4.13 Gli Statuti degli enti pubblici
A) Nozione di Statuto
Per Statuto si intende un atto normativo avente come oggetto l'organizzazione del-
l'ente e le linee fondamentali della sua attività. Lo Statuto è, quindi, espressione di una
potestà organizzatoria a carattere normativo, che può essere attribuita o allo stesso ente sulla cui
organizzazione si statuisce (in questo caso si parla di autonomia statutaria), oppure ad un
organo o ente diverso (cd. etero-Statuti).

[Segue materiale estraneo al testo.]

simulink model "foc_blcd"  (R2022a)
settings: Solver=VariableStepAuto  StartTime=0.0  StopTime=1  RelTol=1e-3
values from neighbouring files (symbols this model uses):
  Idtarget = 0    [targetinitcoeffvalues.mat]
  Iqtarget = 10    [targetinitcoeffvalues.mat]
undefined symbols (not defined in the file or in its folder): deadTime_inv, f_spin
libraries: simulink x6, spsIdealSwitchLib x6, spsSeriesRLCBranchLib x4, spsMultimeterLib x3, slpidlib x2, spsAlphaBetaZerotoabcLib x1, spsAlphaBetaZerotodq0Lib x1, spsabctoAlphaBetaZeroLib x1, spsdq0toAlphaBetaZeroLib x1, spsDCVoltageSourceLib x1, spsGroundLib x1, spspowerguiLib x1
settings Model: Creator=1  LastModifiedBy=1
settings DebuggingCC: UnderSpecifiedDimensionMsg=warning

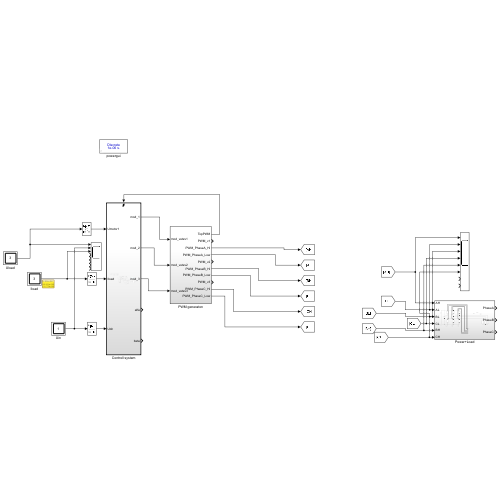
[thumbnail: Simulink's stored preview of the top-level diagram]
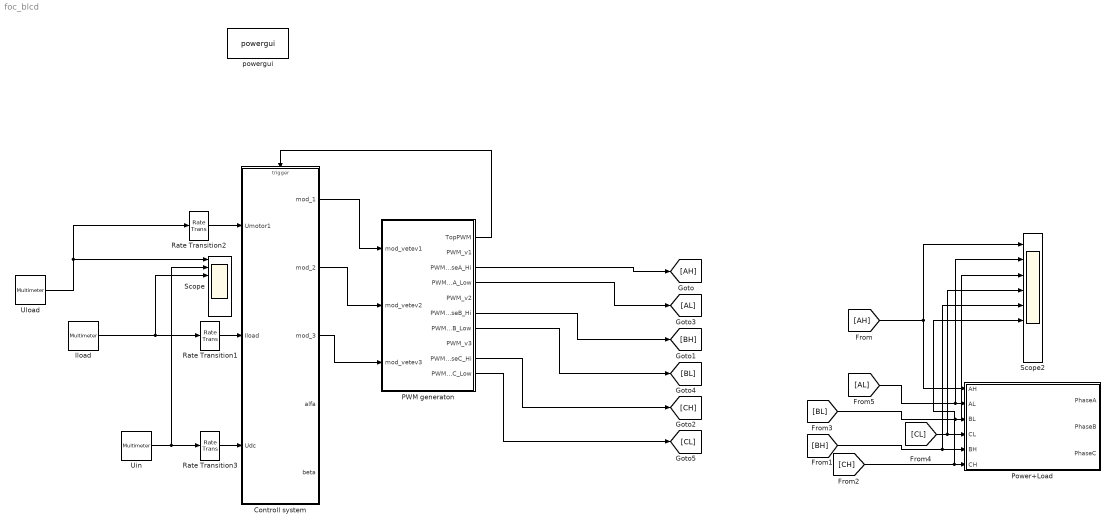
== system foc_blcd ==
  Controll system : Subsystem
  Iload : spsMultimeterLib/Multimeter  L=9  sel=[7 8 9]  yselected={}  Gain=[1 1 1]  OutputType=Complex  PlotAtSimulationStop=off  PhasorSimulation=off
  PWM generaton : Subsystem
  Power+Load : Subsystem
  Rate Transition1 : RateTransition  Integrity=off
  Rate Transition2 : RateTransition  Integrity=off
  Rate Transition3 : RateTransition  Integrity=off
  Scope : Scope  NumInputPorts=8
  Scope2 : Scope  NumInputPorts=8
  Uin : spsMultimeterLib/Multimeter  L=9  sel=1  yselected={}  Gain=1  OutputType=Complex  PlotAtSimulationStop=off  PhasorSimulation=off
  Uload : spsMultimeterLib/Multimeter  L=9  sel=[2 3 4]  yselected={}  Gain=[1 1 1]  OutputType=Complex  PlotAtSimulationStop=off  PhasorSimulation=off
  powergui : spspowerguiLib/powergui  Priority=1  SimulationMode=Discrete  SampleTime=1e-6  frequency=60  Iterations=50  frequencyindice=0  Pbase=100e6  ErrMax=1e-4  UnitsV=kV  UnitsW=MW  buscounter=0  FunctionMessages=off  echomessages=off  EnableUseOfTLC=off  CurrentSourceSwitches=off  DisableSnubberDevices=off  DisableRonSwitches=off  DisableVfSwitches=off  DisplayEquations=off  AutomaticDiscreteSolvers=off  SolverType=Tustin/Backward Euler (TBE)  Interpol=off  ExternalGateDelay=off  methode=off  Ts=100  x0status=blocks  SPID=on  SwTol=0  HookPort=off  NonlinearTolerance=1e-4  nMaxIteration=100  ContinueOnMaxIteration=off  RestoreLinks=warning  ResistiveCurrentMeasurement=off  Frange=[0:2:500]  Ylog=off  Xlog=on  ShowGrid=off  save=off  variable=ZData  structure=0  ZoomFFT=off  StartTime=0.0  cycles=1  DisplayStyle=1  fundamental=60  FreqAxis=off  MaxFrequency=1000  frequencyindicesteady=1  RmsSteady=1  display=off
  wires:
  Controll system/1(mod_1) -> PWM generaton/1(mod_vetev1)
  Controll system/2(mod_2) -> PWM generaton/2(mod_vetev2)
  Controll system/3(mod_3) -> PWM generaton/3(mod_vetev3)
  PWM generaton/1(TopPWM) -> Controll system/Trigger
  Uload/1 -> Rate Transition2/1, Scope/1
  Uin/1 -> Scope/2, Rate Transition3/1
  [AH] -> Scope2/1, Power+Load/1(AH)
  [CH] -> Scope2/6, Power+Load/6(CH)
  [BH] -> Power+Load/5(BH), Scope2/5
  [BL] -> Scope2/3, Power+Load/3(BL)
  [CL] -> Scope2/4, Power+Load/4(CL)
  [AL] -> Scope2/2, Power+Load/2(AL)
  PWM generaton/3(PWM_PhaseA_Hi) -> [AH]
  PWM generaton/4(PWM_PhaseA_Low) -> [AL]
  PWM generaton/6(PWM_PhaseB_Hi) -> [BH]
  PWM generaton/7(PWM_PhaseB_Low) -> [BL]
  PWM generaton/10(PWM_PhaseC_Low) -> [CL]
  PWM generaton/9(PWM_PhaseC_Hi) -> [CH]
  Iload/1 -> Scope/3, Rate Transition1/1
  Rate Transition2/1 -> Controll system/1(Umotor1)
  Rate Transition1/1 -> Controll system/2(Iload)
  Rate Transition3/1 -> Controll system/3(Udc)

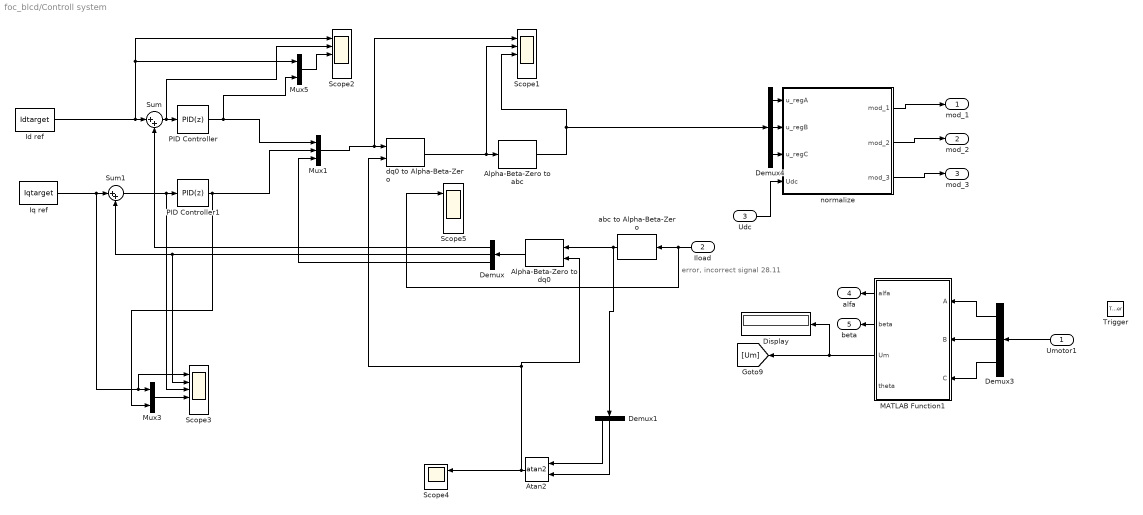
== system foc_blcd/Controll system ==
  note: error, incorrect signal 28.11
  Umotor1 : Inport
  Iload : Inport  Port=2
  Udc : Inport  Port=3
  Trigger : TriggerPort  VariantControl=(inherit)  PortDimensions=1
  Alpha-Beta-Zero to abc : spsAlphaBetaZerotoabcLib/Alpha-Beta-Zero to abc
      settings: SourceProductBaseCode=PS
  Alpha-Beta-Zero to dq0 : spsAlphaBetaZerotodq0Lib/Alpha-Beta-Zero to dq0  Alignment=90 degrees behind phase A axis
      settings: SourceProductBaseCode=PS
  Atan2 : Trigonometry  Operator=atan2
  Demux{,1,3..4} (4 alike) : Demux  Outputs=3
  Display : Display
  Id ref : Constant  Value=Idtarget
  Iq ref : Constant  Value=Iqtarget
  MATLAB Function1 : MATLAB Function  TreatAsAtomicUnit=on
  Mux1 : Mux  Inputs=3
  Mux3 : Mux  Inputs=2
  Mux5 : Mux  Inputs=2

La tipologia degli Statuti è alquanto varia, sia per ciò che riguarda il loro contenuto, sia per
ciò che riguarda la loro collocazione nel sistema delle fonti. Gli etero-Statuti, ad esempio, rivestono il
grado della fonte, statale o regionale, con la quale vengono adottati e il loro contenuto è fortemente
condizionato dall'ampiezza dei poteri di direzione e controllo riconosciuti all'ente che li emana. Gli
Statuti autonomi, invece, possono essere soggetti ad approvazione di altro ente al solo fine di poter
dispiegare efficacia giuridica nell'ordinamento generale. Non esiste, quindi, un modello unico di
Statuto ma diverse figure, alcune delle quali verranno esaminate qui di seguito.
B) Statuti regionali (art. 114 Cost.)
In seguito alla riforma dell'alt. 1 23 Cost., introdotta dalla L. cost. 1/1999, gli Statuti delle
Regioni ordinarie sono leggi regionali approvate con un procedimento rafforzato (due
deliberazioni successive adottate ad intervallo non minore di due mesi ed eventuale sottoposizione a
referendum popolare) non soggette ad alcun visto. Gli Statuti delle Regioni
speciali sono, invece, rivestiti della forma della legge costituzionale statale.
C) Statuti comunali, provinciali e delle Città metropolitane (art. 114 Cost.)
L'art. 6 del D.Lgs. 267/2000 ha riconosciuto espressamente a Province e Comuni la
potestà di adottare un proprio statuto. Tale riconoscimento (avvenuto già con l'art. 4 L. 142/1990)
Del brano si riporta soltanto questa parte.